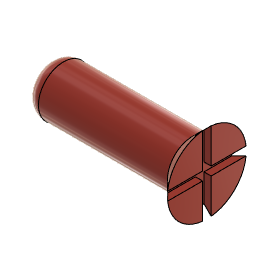
сборка кубсат 2023 v2 (Autodesk Fusion 360 archive; units mm, degrees)
design "болт"
Autodesk Fusion 360 part; units mm, degrees
sketch "Sketch1" plane through (0, 0, 0) normal (1, 0, 0) x (0, 1, 0)
  circle A0 centre (0, 0) radius 1.75
  dimension "d1" = 3.5
  constraint coincident A0.centre origin
  measures "d1" diameter of A0
extrude "Extrude1" add sketch "Sketch1" along normal blind 10
sketch "Sketch2" plane through (10, 0, 0) normal (1, 0, 0) x (0, 1, 0)
  circle A0 centre (0, 0) radius 1.75
  circle A1 centre (0, 0) radius 2.75
  dimension "d4" = 5.5
  constraint concentric A0 A1
  measures "d4" diameter of A1
extrude "Extrude2" add sketch "Sketch2" along normal blind 1 contours A0 | A1
chamfer "Chamfer1" distance 1 angle 45 1 edges at (10, -2.5639, -0.9944)
fillet "Fillet1" radius 1 1 edges at (0, -1.6316, -0.6328)
sketch "Sketch3" plane through (11, 0, 0) normal (1, 0, 0) x (0, 1, 0)
  circle A0 centre (0, 0) radius 2.75
  line L0 (0, 0) -> (0, 4)
  line L1 (0, 4) -> (0, -3.5)
  line L2 (-3, 0) -> (4.1242, 0)
  line L3 (-3, 0) -> (-3, 0.3)
  line L4 (-3, 0.3) -> (3.1636, 0.3)
  line L5 (3.1636, 0.3) -> (3.1636, -0.3)
  line L6 (3.1636, -0.3) -> (-3, -0.3)
  line L7 (-3, -0.3) -> (-3, 0)
  line L8 (0, 3) -> (-0.3, 3)
  line L9 (-0.3, 3) -> (-0.3, -3.1)
  line L10 (-0.3, -3.1) -> (0.3, -3.1)
  line L11 (0.3, -3.1) -> (0.3, 3)
  line L12 (0.3, 3) -> (-0.1, 3)
  dimension "d10" = 0.6
  constraint coincident A0.centre L0.start
  constraint vertical L0
  constraint parallel L0 L1
  constraint perpendicular L1 L2
  constraint perpendicular L2 L3
  constraint perpendicular L3 L4
  constraint perpendicular L4 L5
  constraint perpendicular L5 L6
  constraint coincident L1 L8.start
  constraint perpendicular L0 L8
  constraint perpendicular L8 L9
  constraint perpendicular L9 L10
  constraint perpendicular L10 L11
  constraint coincident L8 L12.end
  constraint perpendicular L0 L12
  measures "d10" distance of L4.end L5.end
extrude "Extrude3" cut sketch "Sketch3" against normal blind 0.5 contours A0 L2 L4 L11 | A0 L2 L6 L11 | L1 L2 L6 L11 | L0 L1 L2 L4 L11 | A0 L0 L1 L4 L11 | A0 L1 L6 L11 | L0 L1 L2 L4 L9 | L1 L2 L6 L9 | A0 L0 L1 L4 L9 | A0 L1 L6 L9 | A0 L2 L6 L9 | A0 L2 L4 L9

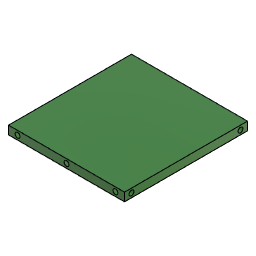
design "боковые"
Autodesk Fusion 360 part; units mm, degrees
sketch "Sketch1" plane through (0, 0, 0) normal (0, 1, 0) x (1, 0, 0)
  line L0 (-45, -25) -> (38, -25)
  line L1 (38, -25) -> (38, -19)
  line L2 (38, -19) -> (-45, -19)
  line L3 (-45, -19) -> (-45, -25)
  dimension "d1" = 83
  dimension "d2" = 6
  constraint horizontal L0
  constraint vertical L1
  constraint horizontal L2
  constraint vertical L3
  measures "d1" distance of L0.start L0.end
  measures "d2" distance of L0.start L2.end
extrude "Extrude1" add sketch "Sketch1" along normal blind 88
sketch "Sketch2" plane through (0, 0, 0) normal (0, -1, 0) x (1, 0, 0)
  line L0 (-45, 25) -> (-45, 19)
  line L1 (-45, 19) -> (38, 19)
  line L2 (38, 19) -> (38, 25)
  line L3 (38, 25) -> (-45, 25)
  line L4 (-3.5, 25) -> (-3.5, 19)
  circle A0 centre (-3.5, 22) radius 1.75
  line L5 (-3.5, 22) -> (-38.5, 22)
  line L6 (-3.5, 22) -> (31.5, 22)
  circle A1 centre (-38.5, 22) radius 1.75
  circle A2 centre (31.5, 22) radius 1.75
  dimension "d5" = 3.5
  dimension "d6" = 35
  dimension "d7" = 35
  dimension "d8" = 3.5
  dimension "d9" = 3.5
  constraint midpoint L3 L4.start
  constraint midpoint L1 L4.end
  constraint midpoint L4 A0.centre
  constraint coincident A0.centre L5.start
  constraint perpendicular L4 L5
  constraint perpendicular L4 L6
  constraint coincident L5.end A1.centre
  constraint coincident L6.end A2.centre
  measures "d5" diameter of A0
  measures "d6" distance of A0.centre L5.end
  measures "d7" distance of A0.centre L6.end
  measures "d8" diameter of A1
  measures "d9" diameter of A2
extrude "Extrude2" cut sketch "Sketch2" against normal blind 132 contours L4 A0 L6 | L4 A0 L5 | L4 A0 L5 | L4 A0 L6 | A1 | A2
sketch "Sketch3" plane through (0, 0, 25) normal (0, 0, 1) x (-1, 0, 0)
  line L0 (45, 0) -> (-38, 0)
  line L1 (-38, 0) -> (-38, -88)
  line L2 (-38, -88) -> (45, -88)
  line L3 (45, -88) -> (45, 0)
sketch "Sketch4" plane through (38, 0, 0) normal (1, 0, 0) x (0, 1, 0)
  line L0 (0, 25) -> (0, 19)
  line L1 (0, 19) -> (88, 19)
  line L2 (88, 19) -> (88, 25)
  line L3 (88, 25) -> (0, 25)
  line L4 (44, 25) -> (44, 22)
  line L5 (44, 22) -> (5, 22)
  circle A0 centre (5, 22) radius 1.75
  circle A1 centre (83, 22) radius 1.75
  dimension "d12" = 3.5
  constraint midpoint L3 L4.start
  constraint perpendicular L3 L4
  constraint perpendicular L0 L5
  constraint coincident L5.end A0.centre
  constraint symmetric L4 A0 A1
  measures "d12" diameter of A0
extrude "Extrude3" cut sketch "Sketch4" against normal blind 127 contours A0 | A1
equation "d3 = 100 mm - 12 mm"

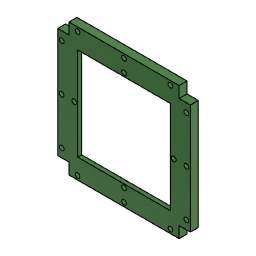
design "2023 кубсат"
Autodesk Fusion 360 part; units mm, degrees
sketch "Sketch1" plane through (0, 0, 0) normal (0, 1, 0) x (1, 0, 0)
  line L0 (-115, -75) -> (-15, -75)
  line L1 (-15, -75) -> (-15, 25)
  line L2 (-15, 25) -> (-115, 25)
  line L3 (-115, 25) -> (-115, -75)
  line L4 (-115, -75) -> (-106.5, -75)
  line L5 (-106.5, -75) -> (-106.5, -66.5)
  line L6 (-106.5, -66.5) -> (-115, -66.5)
  line L7 (-115, -66.5) -> (-115, -75)
  line L8 (-65, -75) -> (-65, -27)
  line L9 (-115, -25) -> (-82, -25)
  line L10 (-106.5, 16.5) -> (-115, 16.5)
  line L11 (-106.5, 25) -> (-106.5, 16.5)
  line L12 (-115, 25) -> (-106.5, 25)
  line L13 (-115, 16.5) -> (-115, 25)
  line L14 (-23.5, -66.5) -> (-15, -66.5)
  line L15 (-15, -66.5) -> (-15, -75)
  line L16 (-15, -75) -> (-115, -75)
  line L17 (-23.5, -75) -> (-23.5, -66.5)
  line L18 (-23.5, 16.5) -> (-15, 16.5)
  line L19 (-23.5, 25) -> (-23.5, 16.5)
  line L20 (-115, 25) -> (-15, 25)
  line L21 (-15, 16.5) -> (-15, 25)
  dimension "d1" = 100
  dimension "d2" = 100
  dimension "d3" = 8.5
  dimension "d4" = 8.5
  constraint horizontal L0
  constraint vertical L1
  constraint horizontal L2
  constraint vertical L3
  constraint horizontal L4
  constraint vertical L5
  constraint horizontal L6
  constraint vertical L7
  constraint midpoint L0 L8.start
  constraint perpendicular L0 L8
  constraint midpoint L3 L9.start
  constraint perpendicular L3 L9
  constraint symmetric L0.start L9 L2.end
  constraint symmetric L4.end L9 L11.start
  constraint symmetric L5.end L9 L10.start
  constraint symmetric L6.end L9 L10.end
  constraint symmetric L0.start L8 L0.end
  constraint symmetric L0.end L8 L0.start
  constraint symmetric L1.end L8 L2.end
  constraint symmetric L2.end L8 L1.end
  constraint symmetric L4.end L8 L17.start
  constraint symmetric L5.end L8 L14.start
  constraint symmetric L6.end L8 L14.end
  constraint symmetric L8 L10.start L18.start
  constraint symmetric L8 L10.end L18.end
  constraint symmetric L8 L11.start L19.start
  constraint symmetric L8 L2.end L1.end
  measures "d1" distance of L0.start L0.end
  measures "d2" distance of L0.start L2.end
  measures "d3" distance of L0.start L4.end
  measures "d4" distance of L0.start L6.end
extrude "Extrude1" add sketch "Sketch1" along normal blind 6 contours L0 L1 L2 L3 L5 L6 L10 L11 L14 L16 L17 L18 L19 L20
sketch "Sketch2" plane through (0, 6, 0) normal (0, 1, 0) x (-1, 0, 0)
  line L0 (23.5, -25) -> (106.5, -25)
  line L1 (106.5, -25) -> (106.5, -16.5)
  line L2 (106.5, -16.5) -> (115, -16.5)
  line L3 (115, -16.5) -> (115, 66.5)
  line L4 (115, 66.5) -> (106.5, 66.5)
  line L5 (106.5, 66.5) -> (106.5, 75)
  line L6 (106.5, 75) -> (23.5, 75)
  line L7 (23.5, 75) -> (23.5, 66.5)
  line L8 (23.5, 66.5) -> (15, 66.5)
  line L9 (15, 66.5) -> (15, -16.5)
  line L10 (15, -16.5) -> (23.5, -16.5)
  line L11 (23.5, -16.5) -> (23.5, -25)
  line L12 (23.5, 75) -> (23.5, 69)
  line L13 (23.5, 72) -> (106.5, 72)
  circle A0 centre (65, 72) radius 1.75
  circle A1 centre (30, 72) radius 1.75
  line L14 (65, 72) -> (65, 73.3681)
  circle A2 centre (100, 72) radius 1.75
  line L15 (65, 75) -> (65, 16.2545)
  line L16 (15, 25) -> (85, 25)
  circle A3 centre (30, -22) radius 1.75
  circle A4 centre (65, -22) radius 1.75
  circle A5 centre (100, -22) radius 1.75
  line L17 (15, -25) -> (39, -1)
  circle A6 centre (18, -10) radius 1.75
  circle A7 centre (18, 25) radius 1.75
  circle A8 centre (18, 60) radius 1.75
  circle A9 centre (112, -10) radius 1.75
  circle A10 centre (112, 25) radius 1.75
  circle A11 centre (112, 60) radius 1.75
  dimension "d7" = 3.5
  dimension "d8" = 3.5
  constraint coincident L6.end L7.start
  constraint coincident L7 L12.end
  constraint perpendicular L6 L12
  constraint midpoint L12 L13.start
  constraint coincident L5 L13.end
  constraint perpendicular L5 L13
  constraint midpoint L13 A0.centre
  constraint coincident L13 A1.centre
  constraint coincident A0.centre L14.start
  constraint perpendicular L13 L14
  constraint symmetric A1 L14 A2
  constraint midpoint L6 L15.start
  constraint perpendicular L13 L15
  constraint midpoint L9 L16.start
  constraint perpendicular L9 L16
  constraint symmetric A0 L16 A4
  constraint symmetric A1 L16 A3
  constraint symmetric A2 L16 A5
  constraint symmetric A3 L17 A6
  constraint symmetric A4 L17 A7
  constraint symmetric A5 L17 A8
  constraint symmetric L15 A6 A9
  constraint symmetric L15 A7 A10
  constraint symmetric L15 A8 A11
  measures "d7" diameter of A0
  measures "d8" diameter of A1
extrude "Extrude2" cut sketch "Sketch2" against normal blind 36 contours L16 A7 | L16 A7 | L13 A2 | L13 A2 | L13 A0 L15 | L13 A0 L15 | L13 A1 | L13 A1 | L13 A0 L14 L15 | L13 A0 L14 L15 | A3 | A4 | A5 | A6 | A8 | A9 | A10 | A11
chamfer "Chamfer1" distance 1 angle 45 12 edges at (-28.3684, 6, 72.6328) (-16.3684, 6, 60.6328) (-16.3684, 6, 25.6328) (-16.3684, 6, -9.3672) (-28.3684, 6, -21.3672) (-63.3684, 6, -21.3672) (-98.3684, 6, -21.3672) (-110.3684, 6, -9.3672) (-110.3684, 6, 25.6328) (-110.3684, 6, 60.6328) (-98.3684, 6, 72.6328) (-63.3684, 6, 72.6328)
sketch "Sketch3" plane through (0, 6, 0) normal (0, 1, 0) x (-1, 0, 0)
  circle A0 centre (100, 72) radius 2.75
  circle A1 centre (112, 25) radius 2.75
  circle A2 centre (100, -22) radius 2.75
  circle A3 centre (30, -22) radius 2.75
  circle A4 centre (18, 25) radius 2.75
  circle A5 centre (30, 72) radius 2.75
  line L0 (23.5, -25) -> (106.5, -25)
  line L1 (106.5, -25) -> (106.5, -16.5)
  line L2 (106.5, -16.5) -> (115, -16.5)
  line L3 (115, -16.5) -> (115, 66.5)
  line L4 (115, 66.5) -> (106.5, 66.5)
  line L5 (106.5, 66.5) -> (106.5, 75)
  line L6 (106.5, 75) -> (23.5, 75)
  line L7 (23.5, 75) -> (23.5, 66.5)
  line L8 (23.5, 66.5) -> (15, 66.5)
  line L9 (15, 66.5) -> (15, -16.5)
  line L10 (15, -16.5) -> (23.5, -16.5)
  line L11 (23.5, -16.5) -> (23.5, -25)
  circle A6 centre (18, 60) radius 2.75
  circle A7 centre (18, -10) radius 2.75
  circle A8 centre (65, -22) radius 2.75
  circle A9 centre (112, -10) radius 2.75
  circle A10 centre (112, 60) radius 2.75
  circle A11 centre (65, 72) radius 2.75
  line L12 (25, 65) -> (105, 65)
  line L13 (105, 65) -> (105, -15)
  line L14 (105, -15) -> (25, -15)
  line L15 (25, -15) -> (25, 65)
  constraint horizontal L12
  constraint vertical L13
  constraint horizontal L14
  constraint vertical L15
extrude "Extrude3" cut sketch "Sketch3" against normal blind 3 contours L12 L13 L14 L15
sketch "Sketch4" plane through (0, 3, 0) normal (0, 1, 0) x (-1, 0, 0)
  line L0 (25, -15) -> (105, -15)
  line L1 (105, -15) -> (105, 65)
  line L2 (105, 65) -> (25, 65)
  line L3 (25, 65) -> (25, -15)
  line L4 (30, 60) -> (100, 60)
  line L5 (100, 60) -> (100, -10)
  line L6 (100, -10) -> (30, -10)
  line L7 (30, -10) -> (30, 60)
  constraint horizontal L4
  constraint vertical L5
  constraint horizontal L6
  constraint vertical L7
extrude "Extrude4" cut sketch "Sketch4" against normal blind 33 contours L4 L5 L6 L7
sketch "Sketch5" plane through (0, 3, 0) normal (0, 1, 0) x (-1, 0, 0)
  line L0 (100, 60) -> (100, -10)
  line L1 (100, -10) -> (30, -10)
  line L2 (30, -10) -> (30, 60)
  line L3 (30, 60) -> (100, 60)
  line L4 (25, -15) -> (105, -15)
  line L5 (105, -15) -> (105, 65)
  line L6 (105, 65) -> (25, 65)
  line L7 (25, 65) -> (25, -15)
  line L8 (25, 65) -> (30, 60)
  line L9 (65, 65) -> (65, 25)
  line L10 (65, 25) -> (25, 25)
  line L11 (25, 25) -> (27.5, 25)
  line L12 (27.5, 25) -> (27.5, 20)
  circle A0 centre (27.5, 25) radius 1.75
  circle A1 centre (102.5, 25) radius 1.75
  circle A2 centre (65, 62.5) radius 1.75
  circle A3 centre (65, -12.5) radius 1.75
  dimension "d16" = 2.5
  dimension "d17" = 3.5
  constraint coincident L6.end L7.start
  constraint coincident L2.end L3.start
  constraint midpoint L6 L9.start
  constraint perpendicular L6 L9
  constraint midpoint L7 L10.end
  constraint perpendicular L7 L10
  constraint perpendicular L7 L11
  constraint perpendicular L10 L12
  constraint coincident L11.end L12.start
  constraint symmetric L9 A0 A1
  constraint symmetric L8 A0 A2
  constraint symmetric L8 A1 A3
  measures "d16" distance of L10.end L11.end
  measures "d17" diameter of A0
extrude "Extrude5" cut sketch "Sketch5" against normal blind 35 contours L9 A2 | L9 A2 | L10 L12 A0 | L10 L11 A0 | L10 L11 L12 A0 | A1 | A3

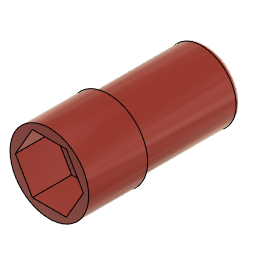
design "под креплениеп полозьев"
Autodesk Fusion 360 part; units mm, degrees
sketch "Sketch1" plane through (0, 0, 0) normal (0, 1, 0) x (1, 0, 0)
  circle A0 centre (0, 0) radius 1.75
  dimension "d1" = 3.5
  constraint coincident A0.centre origin
  measures "d1" diameter of A0
extrude "Extrude1" add sketch "Sketch1" along normal blind 5
sketch "Sketch2" plane through (0, 0, 0) normal (0, -1, 0) x (1, 0, 0)
  circle A0 centre (0, 0) radius 1.75
  circle A1 centre (0, 0) radius 2
  dimension "d4" = 4
  constraint coincident A0.centre A1.centre
  measures "d4" diameter of A1
extrude "Extrude2" add sketch "Sketch2" along normal blind 3 contours A0 | A1
sketch "Sketch3" plane through (0, -3, 0) normal (0, -1, 0) x (1, 0, 0)
  circle A0 centre (0, 0) radius 2
  line L0 (-0.866, 1.5) -> (-1.7321, 0)
  line L1 (-1.7321, 0) -> (-0.866, -1.5)
  line L2 (-0.866, -1.5) -> (0.866, -1.5)
  line L3 (0.866, -1.5) -> (1.7321, 0)
  line L4 (1.7321, 0) -> (0.866, 1.5)
  line L5 (0.866, 1.5) -> (-0.866, 1.5)
  constraint coincident A0.centre origin
extrude "Extrude3" cut sketch "Sketch3" against normal blind 2 contours L0 L1 L2 L3 L4 L5
fillet "Fillet1" radius 0.25 1 edges at (-1.6316, 5, 0.6328)

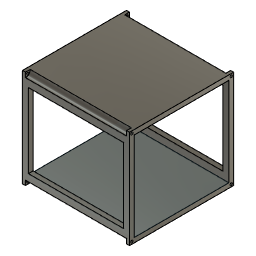
design "картридж поод кубсат"
Autodesk Fusion 360 part; units mm, degrees
sketch "Sketch1" plane through (0, 0, 0) normal (1, 0, 0) x (0, 1, 0)
  line L0 (0, 0) -> (88, 0)
  line L1 (88, 0) -> (88, 83)
  line L2 (88, 83) -> (0, 83)
  line L3 (0, 83) -> (0, 0)
  line L4 (4, 4) -> (84, 4)
  line L5 (84, 4) -> (84, 79)
  line L6 (84, 79) -> (4, 79)
  line L7 (4, 79) -> (4, 4)
  dimension "d1" = 88
  dimension "d2" = 83
  dimension "d3" = -4
  constraint horizontal L0
  constraint vertical L1
  constraint horizontal L2
  constraint vertical L3
  constraint coincident L0.start L3.end
  measures "d1" distance of L0.start L0.end
  measures "d2" distance of L0.start L2.end
extrude "Extrude1" add sketch "Sketch1" along normal blind 2.5
sketch "Sketch2" plane through (2.5, 0, 0) normal (1, 0, 0) x (0, 1, 0)
  line L0 (4, 4) -> (4, 79)
  line L1 (4, 79) -> (84, 79)
  line L2 (84, 79) -> (84, 4)
  line L3 (84, 4) -> (4, 4)
  line L4 (0, 83) -> (0, 0)
  line L5 (0, 0) -> (88, 0)
  line L6 (88, 0) -> (88, 83)
  line L7 (88, 83) -> (0, 83)
  line L8 (0, 83) -> (4, 79)
  circle A0 centre (2, 81) radius 1
  line L9 (44, 83) -> (44, 60)
  line L10 (44, 60) -> (44, 41.5)
  line L11 (44, 41.5) -> (0, 41.5)
  circle A1 centre (86, 81) radius 1
  circle A2 centre (2, 2) radius 1
  circle A3 centre (86, 2) radius 1
  dimension "d6" = 2
  constraint coincident L4.start L7.end
  constraint coincident L0.end L1.start
  constraint midpoint L8 A0.centre
  constraint midpoint L7 L9.start
  constraint perpendicular L1 L9
  constraint parallel L6 L10
  constraint midpoint L4 L11.end
  constraint perpendicular L4 L11
  constraint symmetric A0 L10 A1
  constraint symmetric A0 L11 A2
  constraint symmetric L11 A1 A3
  measures "d6" diameter of A0
extrude "Extrude2" cut sketch "Sketch2" against normal blind 25 contours L8 A0 | L8 A0 | A1 | A2 | A3
sketch "Sketch3" plane through (2.5, 0, 0) normal (1, 0, 0) x (0, 1, 0)
  circle A0 centre (86, 81) radius 1
  circle A1 centre (86, 2) radius 1
  circle A2 centre (2, 81) radius 1
  circle A3 centre (2, 2) radius 1
  line L0 (4, 4) -> (4, 79)
  line L1 (4, 79) -> (84, 79)
  line L2 (84, 79) -> (84, 4)
  line L3 (84, 4) -> (4, 4)
  line L4 (0, 83) -> (0, 0)
  line L5 (0, 0) -> (88, 0)
  line L6 (88, 0) -> (88, 83)
  line L7 (88, 83) -> (0, 83)
  arc A4 (0, 79) -> (4, 83) centre (0.5, 82.5) ccw
  line L8 (44, 83) -> (44, 79)
  line L9 (4, 41.5) -> (0, 41.5)
  arc A5 (84, 83) -> (88, 79) centre (87.5, 82.5) ccw
  arc A6 (4, 0) -> (0, 4) centre (0.5, 0.5) ccw
  arc A7 (88, 4) -> (84, 0) centre (87.5, 0.5) ccw
  constraint coincident L7 A4.end
  constraint coincident L4 A4.start
  constraint midpoint L7 L8.start
  constraint midpoint L1 L8.end
  constraint midpoint L0 L9.start
  constraint midpoint L4 L9.end
  constraint symmetric A4.start L8 A5.end
  constraint symmetric A4.end L8 A5.start
  constraint symmetric A4 L8 A5
  constraint symmetric A4.start L9 A6.end
  constraint symmetric A4.end L9 A6.start
  constraint symmetric A4 L9 A6
  constraint symmetric L9 A5.end A7.start
  constraint symmetric L9 A5.start A7.end
  constraint symmetric L9 A5 A7
extrude "Extrude3" add sketch "Sketch3" along normal blind 85.5 contours L0 L1 L2 L3 L4 L5 L6 L7 L8 L9 A5 A6 A7 | L0 L1 L4 L7 A4 L8 L9
sketch "Sketch4" plane through (88, 0, 0) normal (1, 0, 0) x (0, 1, 0)
  line L0 (84, 79) -> (84, 4)
  line L1 (84, 4) -> (4, 4)
  line L2 (4, 4) -> (4, 79)
  line L3 (4, 79) -> (84, 79)
  line L4 (84, 83) -> (4, 83)
  arc A0 (0, 79) -> (4, 83) centre (0.5, 82.5) ccw
  line L5 (0, 79) -> (0, 4)
  arc A1 (4, 0) -> (0, 4) centre (0.5, 0.5) ccw
  line L6 (4, 0) -> (84, 0)
  arc A2 (88, 4) -> (84, 0) centre (87.5, 0.5) ccw
  line L7 (88, 4) -> (88, 79)
  arc A3 (84, 83) -> (88, 79) centre (87.5, 82.5) ccw
  line L8 (0, 83) -> (88, 83)
  line L9 (88, 83) -> (88, 0)
  line L10 (88, 0) -> (0, 0)
  line L11 (0, 0) -> (0, 83)
  dimension "d11" = 88
  dimension "d12" = 83
  constraint horizontal L8
  constraint vertical L9
  constraint horizontal L10
  constraint vertical L11
  measures "d11" distance of L8.start L8.end
  measures "d12" distance of L8.start L10.end
extrude "Extrude4" add sketch "Sketch4" along normal blind 2.5
sketch "Sketch5" plane through (0, 0, 0) normal (-1, 0, 0) x (0, -1, 0)
  circle A0 centre (-86, 81) radius 1
  circle A1 centre (-86, 2) radius 1
  circle A2 centre (-2, 81) radius 1
  circle A3 centre (-2, 2) radius 1
  line L0 (-4, 79) -> (-4, 4)
  line L1 (-4, 4) -> (-84, 4)
  line L2 (-84, 4) -> (-84, 79)
  line L3 (-84, 79) -> (-4, 79)
  line L4 (0, 0) -> (0, 83)
  line L5 (0, 83) -> (-88, 83)
  line L6 (-88, 83) -> (-88, 0)
  line L7 (-88, 0) -> (0, 0)
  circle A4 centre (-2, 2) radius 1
☆ ☆ ☆
About this task - Pull out all lines from the entries above that include the word "chamfer".

Answer space -
chamfer "Chamfer1" distance 1 angle 45 1 edges at (10, -2.5639, -0.9944)
chamfer "Chamfer1" distance 1 angle 45 12 edges at (-28.3684, 6, 72.6328) (-16.3684, 6, 60.6328) (-16.3684, 6, 25.6328) (-16.3684, 6, -9.3672) (-28.3684, 6, -21.3672) (-63.3684, 6, -21.3672) (-98.3684, 6, -21.3672) (-110.3684, 6, -9.3672) (-110.3684, 6, 25.6328) (-110.3684, 6, 60.6328) (-98.3684, 6, 72.6328) (-63.3684, 6, 72.6328)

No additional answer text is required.